**INSTRUCTIONS FOR THE TASK:**
Please list all lines of the material below in which the string "icons" occurs.

**DATA RECORDS:**
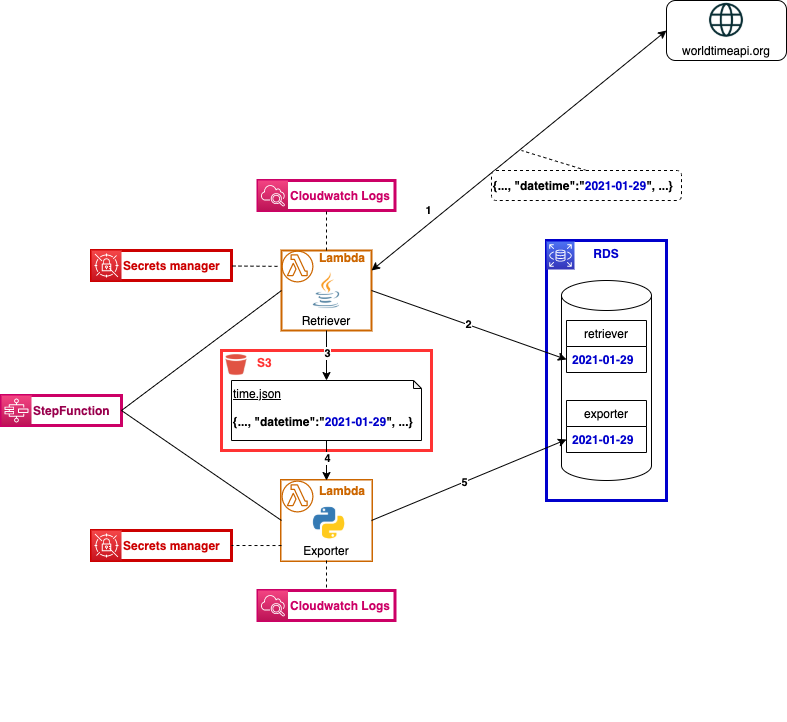

The diagram above was exported from draw.io. Its source (the exported page's mxGraphModel, read from the mxfile embedded in the PNG):
<mxGraphModel dx="1426" dy="857" grid="1" gridSize="10" guides="1" tooltips="1" connect="1" arrows="1" fold="1" page="1" pageScale="1" pageWidth="850" pageHeight="1100" math="0" shadow="0">
  <root>
    <mxCell id="jGnS7Al_CZ40Xf22cg-C-0" />
    <mxCell id="jGnS7Al_CZ40Xf22cg-C-1" parent="jGnS7Al_CZ40Xf22cg-C-0" />
    <mxCell id="cg_SKsYD5_AoFMoCSe5P-1" value="" style="rounded=0;whiteSpace=wrap;html=1;strokeWidth=3;fillColor=none;fontColor=#99004D;align=left;strokeColor=#CC0000;" parent="jGnS7Al_CZ40Xf22cg-C-1" vertex="1">
      <mxGeometry x="110" y="290" width="140" height="30" as="geometry" />
    </mxCell>
    <mxCell id="hplHZe9IlBaHsyMWZziS-1" value="" style="rounded=0;whiteSpace=wrap;html=1;strokeColor=#CC0066;strokeWidth=3;fillColor=none;fontColor=#99004D;align=left;" parent="jGnS7Al_CZ40Xf22cg-C-1" vertex="1">
      <mxGeometry x="20" y="435" width="120" height="30" as="geometry" />
    </mxCell>
    <mxCell id="UnkLDN5xOI5OV3RdXAK0-8" value="" style="rounded=0;whiteSpace=wrap;html=1;strokeWidth=3;fillColor=none;fontColor=#FF3333;align=left;strokeColor=#CC0066;" parent="jGnS7Al_CZ40Xf22cg-C-1" vertex="1">
      <mxGeometry x="276.5" y="220" width="137" height="30" as="geometry" />
    </mxCell>
    <mxCell id="UnkLDN5xOI5OV3RdXAK0-6" value="" style="rounded=0;whiteSpace=wrap;html=1;strokeWidth=3;fillColor=none;fontColor=#FF3333;align=left;strokeColor=#CC0066;" parent="jGnS7Al_CZ40Xf22cg-C-1" vertex="1">
      <mxGeometry x="276.5" y="630" width="137" height="30" as="geometry" />
    </mxCell>
    <mxCell id="UnkLDN5xOI5OV3RdXAK0-2" value="" style="rounded=0;whiteSpace=wrap;html=1;strokeWidth=3;fillColor=none;fontColor=#0000CC;align=left;strokeColor=#FF3333;" parent="jGnS7Al_CZ40Xf22cg-C-1" vertex="1">
      <mxGeometry x="240" y="390" width="210" height="100" as="geometry" />
    </mxCell>
    <mxCell id="jGnS7Al_CZ40Xf22cg-C-2" value="" style="group" parent="jGnS7Al_CZ40Xf22cg-C-1" vertex="1" connectable="0">
      <mxGeometry x="565" y="280" width="120" height="260" as="geometry" />
    </mxCell>
    <mxCell id="jGnS7Al_CZ40Xf22cg-C-3" value="&lt;b&gt;RDS&lt;/b&gt;" style="rounded=0;whiteSpace=wrap;html=1;strokeWidth=3;fontColor=#0000CC;align=center;strokeColor=#0000CC;verticalAlign=top;" parent="jGnS7Al_CZ40Xf22cg-C-2" vertex="1">
      <mxGeometry width="120" height="260" as="geometry" />
    </mxCell>
    <mxCell id="jGnS7Al_CZ40Xf22cg-C-4" value="" style="points=[[0,0,0],[0.25,0,0],[0.5,0,0],[0.75,0,0],[1,0,0],[0,1,0],[0.25,1,0],[0.5,1,0],[0.75,1,0],[1,1,0],[0,0.25,0],[0,0.5,0],[0,0.75,0],[1,0.25,0],[1,0.5,0],[1,0.75,0]];outlineConnect=0;fontColor=#232F3E;gradientColor=#4D72F3;gradientDirection=north;fillColor=#3334B9;strokeColor=#ffffff;dashed=0;verticalLabelPosition=bottom;verticalAlign=top;align=center;html=1;fontSize=12;fontStyle=0;aspect=fixed;shape=mxgraph.aws4.resourceIcon;resIcon=mxgraph.aws4.rds;" parent="jGnS7Al_CZ40Xf22cg-C-2" vertex="1">
      <mxGeometry y="1" width="28" height="28" as="geometry" />
    </mxCell>
    <mxCell id="jGnS7Al_CZ40Xf22cg-C-6" value="" style="group;strokeWidth=1;strokeColor=#000000;" parent="jGnS7Al_CZ40Xf22cg-C-1" vertex="1" connectable="0">
      <mxGeometry x="310" y="300" width="80" height="70" as="geometry" />
    </mxCell>
    <mxCell id="jGnS7Al_CZ40Xf22cg-C-7" value="Retriever" style="rounded=0;whiteSpace=wrap;html=1;verticalAlign=bottom;strokeWidth=2;strokeColor=#CC6600;" parent="jGnS7Al_CZ40Xf22cg-C-6" vertex="1">
      <mxGeometry x="-10" y="-10" width="90" height="80" as="geometry" />
    </mxCell>
    <mxCell id="jGnS7Al_CZ40Xf22cg-C-8" value="" style="shape=image;html=1;verticalAlign=top;verticalLabelPosition=bottom;labelBackgroundColor=#ffffff;imageAspect=0;aspect=fixed;image=https://cdn4.iconfinder.com/data/icons/logos-and-brands/512/181_Java_logo_logos-128.png" parent="jGnS7Al_CZ40Xf22cg-C-6" vertex="1">
      <mxGeometry x="15" y="10" width="40" height="40" as="geometry" />
    </mxCell>
    <mxCell id="jGnS7Al_CZ40Xf22cg-C-52" value="Lambda" style="outlineConnect=0;gradientColor=none;dashed=0;verticalLabelPosition=middle;verticalAlign=middle;align=left;html=1;fontSize=12;fontStyle=1;aspect=fixed;shape=mxgraph.aws4.resourceIcon;resIcon=mxgraph.aws4.lambda_function;fillColor=none;strokeColor=#CC6600;strokeWidth=1;labelPosition=right;fontColor=#CC6600;spacingTop=-18;" parent="jGnS7Al_CZ40Xf22cg-C-6" vertex="1">
      <mxGeometry x="-14" y="-14" width="40" height="40" as="geometry" />
    </mxCell>
    <mxCell id="jGnS7Al_CZ40Xf22cg-C-9" value="" style="group;strokeWidth=3;strokeColor=#CC6600;" parent="jGnS7Al_CZ40Xf22cg-C-1" vertex="1" connectable="0">
      <mxGeometry x="300" y="520" width="90" height="80" as="geometry" />
    </mxCell>
    <mxCell id="jGnS7Al_CZ40Xf22cg-C-10" value="Exporter" style="rounded=0;whiteSpace=wrap;html=1;verticalAlign=bottom;strokeColor=none;" parent="jGnS7Al_CZ40Xf22cg-C-9" vertex="1">
      <mxGeometry width="90" height="80" as="geometry" />
    </mxCell>
    <mxCell id="jGnS7Al_CZ40Xf22cg-C-11" value="" style="shape=image;html=1;verticalAlign=top;verticalLabelPosition=bottom;labelBackgroundColor=#ffffff;imageAspect=0;aspect=fixed;image=https://cdn4.iconfinder.com/data/icons/logos-and-brands/512/267_Python_logo-128.png" parent="jGnS7Al_CZ40Xf22cg-C-9" vertex="1">
      <mxGeometry x="30" y="25" width="35.35" height="35.35" as="geometry" />
    </mxCell>
    <mxCell id="jGnS7Al_CZ40Xf22cg-C-59" value="Lambda" style="outlineConnect=0;gradientColor=none;dashed=0;verticalLabelPosition=middle;verticalAlign=middle;align=left;html=1;fontSize=12;fontStyle=1;aspect=fixed;shape=mxgraph.aws4.resourceIcon;resIcon=mxgraph.aws4.lambda_function;fillColor=none;strokeColor=#CC6600;strokeWidth=1;labelPosition=right;spacingTop=-12;fontColor=#CC6600;" parent="jGnS7Al_CZ40Xf22cg-C-9" vertex="1">
      <mxGeometry x="-4" y="-4" width="40" height="40" as="geometry" />
    </mxCell>
    <mxCell id="jGnS7Al_CZ40Xf22cg-C-12" value="" style="group" parent="jGnS7Al_CZ40Xf22cg-C-1" vertex="1" connectable="0">
      <mxGeometry x="580" y="320" width="90" height="200" as="geometry" />
    </mxCell>
    <mxCell id="jGnS7Al_CZ40Xf22cg-C-13" value="" style="shape=cylinder3;whiteSpace=wrap;html=1;boundedLbl=1;backgroundOutline=1;size=15;" parent="jGnS7Al_CZ40Xf22cg-C-12" vertex="1">
      <mxGeometry width="90" height="200" as="geometry" />
    </mxCell>
    <mxCell id="jGnS7Al_CZ40Xf22cg-C-14" value="retriever" style="swimlane;fontStyle=0;childLayout=stackLayout;horizontal=1;startSize=26;fillColor=none;horizontalStack=0;resizeParent=1;resizeParentMax=0;resizeLast=0;collapsible=1;marginBottom=0;" parent="jGnS7Al_CZ40Xf22cg-C-12" vertex="1">
      <mxGeometry x="5" y="40" width="80" height="52" as="geometry" />
    </mxCell>
    <mxCell id="jGnS7Al_CZ40Xf22cg-C-15" value="2021-01-29" style="text;strokeColor=none;fillColor=none;align=left;verticalAlign=top;spacingLeft=4;spacingRight=4;overflow=hidden;rotatable=0;points=[[0,0.5],[1,0.5]];portConstraint=eastwest;fontColor=#0000CC;fontStyle=1" parent="jGnS7Al_CZ40Xf22cg-C-14" vertex="1">
      <mxGeometry y="26" width="80" height="26" as="geometry" />
    </mxCell>
    <mxCell id="jGnS7Al_CZ40Xf22cg-C-16" value="exporter" style="swimlane;fontStyle=0;childLayout=stackLayout;horizontal=1;startSize=26;fillColor=none;horizontalStack=0;resizeParent=1;resizeParentMax=0;resizeLast=0;collapsible=1;marginBottom=0;" parent="jGnS7Al_CZ40Xf22cg-C-12" vertex="1">
      <mxGeometry x="5" y="120" width="80" height="52" as="geometry" />
    </mxCell>
    <mxCell id="jGnS7Al_CZ40Xf22cg-C-17" value="2021-01-29" style="text;strokeColor=none;fillColor=none;align=left;verticalAlign=top;spacingLeft=4;spacingRight=4;overflow=hidden;rotatable=0;points=[[0,0.5],[1,0.5]];portConstraint=eastwest;fontStyle=1;fontColor=#0000CC;" parent="jGnS7Al_CZ40Xf22cg-C-16" vertex="1">
      <mxGeometry y="26" width="80" height="26" as="geometry" />
    </mxCell>
    <mxCell id="jGnS7Al_CZ40Xf22cg-C-18" style="rounded=0;orthogonalLoop=1;jettySize=auto;html=1;exitX=1;exitY=0.25;exitDx=0;exitDy=0;entryX=0;entryY=0.5;entryDx=0;entryDy=0;startArrow=classic;startFill=1;" parent="jGnS7Al_CZ40Xf22cg-C-1" source="jGnS7Al_CZ40Xf22cg-C-7" target="jGnS7Al_CZ40Xf22cg-C-38" edge="1">
      <mxGeometry relative="1" as="geometry" />
    </mxCell>
    <mxCell id="jGnS7Al_CZ40Xf22cg-C-19" value="&lt;b&gt;1&lt;/b&gt;" style="edgeLabel;html=1;align=center;verticalAlign=middle;resizable=0;points=[];" parent="jGnS7Al_CZ40Xf22cg-C-18" vertex="1" connectable="0">
      <mxGeometry x="0.0595" y="1" relative="1" as="geometry">
        <mxPoint x="-98.36" y="67.07" as="offset" />
      </mxGeometry>
    </mxCell>
    <mxCell id="jGnS7Al_CZ40Xf22cg-C-20" value="&lt;b&gt;2&lt;/b&gt;" style="edgeStyle=none;rounded=0;orthogonalLoop=1;jettySize=auto;html=1;exitX=1;exitY=0.5;exitDx=0;exitDy=0;entryX=0;entryY=0.5;entryDx=0;entryDy=0;" parent="jGnS7Al_CZ40Xf22cg-C-1" source="jGnS7Al_CZ40Xf22cg-C-7" target="jGnS7Al_CZ40Xf22cg-C-15" edge="1">
      <mxGeometry relative="1" as="geometry" />
    </mxCell>
    <mxCell id="jGnS7Al_CZ40Xf22cg-C-21" style="edgeStyle=none;rounded=0;orthogonalLoop=1;jettySize=auto;html=1;exitX=0.5;exitY=1;exitDx=0;exitDy=0;exitPerimeter=0;entryX=0.5;entryY=0;entryDx=0;entryDy=0;" parent="jGnS7Al_CZ40Xf22cg-C-1" source="jGnS7Al_CZ40Xf22cg-C-27" target="jGnS7Al_CZ40Xf22cg-C-10" edge="1">
      <mxGeometry relative="1" as="geometry">
        <mxPoint x="345" y="480" as="sourcePoint" />
        <mxPoint x="338" y="520" as="targetPoint" />
      </mxGeometry>
    </mxCell>
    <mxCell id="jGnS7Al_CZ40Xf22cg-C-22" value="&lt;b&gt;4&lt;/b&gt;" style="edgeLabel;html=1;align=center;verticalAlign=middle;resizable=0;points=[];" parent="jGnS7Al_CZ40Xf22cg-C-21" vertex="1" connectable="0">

**RESULT FOR THIS TASK:**
    <mxCell id="jGnS7Al_CZ40Xf22cg-C-8" value="" style="shape=image;html=1;verticalAlign=top;verticalLabelPosition=bottom;labelBackgroundColor=#ffffff;imageAspect=0;aspect=fixed;image=https://cdn4.iconfinder.com/data/icons/logos-and-brands/512/181_Java_logo_logos-128.png" parent="jGnS7Al_CZ40Xf22cg-C-6" vertex="1">
    <mxCell id="jGnS7Al_CZ40Xf22cg-C-11" value="" style="shape=image;html=1;verticalAlign=top;verticalLabelPosition=bottom;labelBackgroundColor=#ffffff;imageAspect=0;aspect=fixed;image=https://cdn4.iconfinder.com/data/icons/logos-and-brands/512/267_Python_logo-128.png" parent="jGnS7Al_CZ40Xf22cg-C-9" vertex="1">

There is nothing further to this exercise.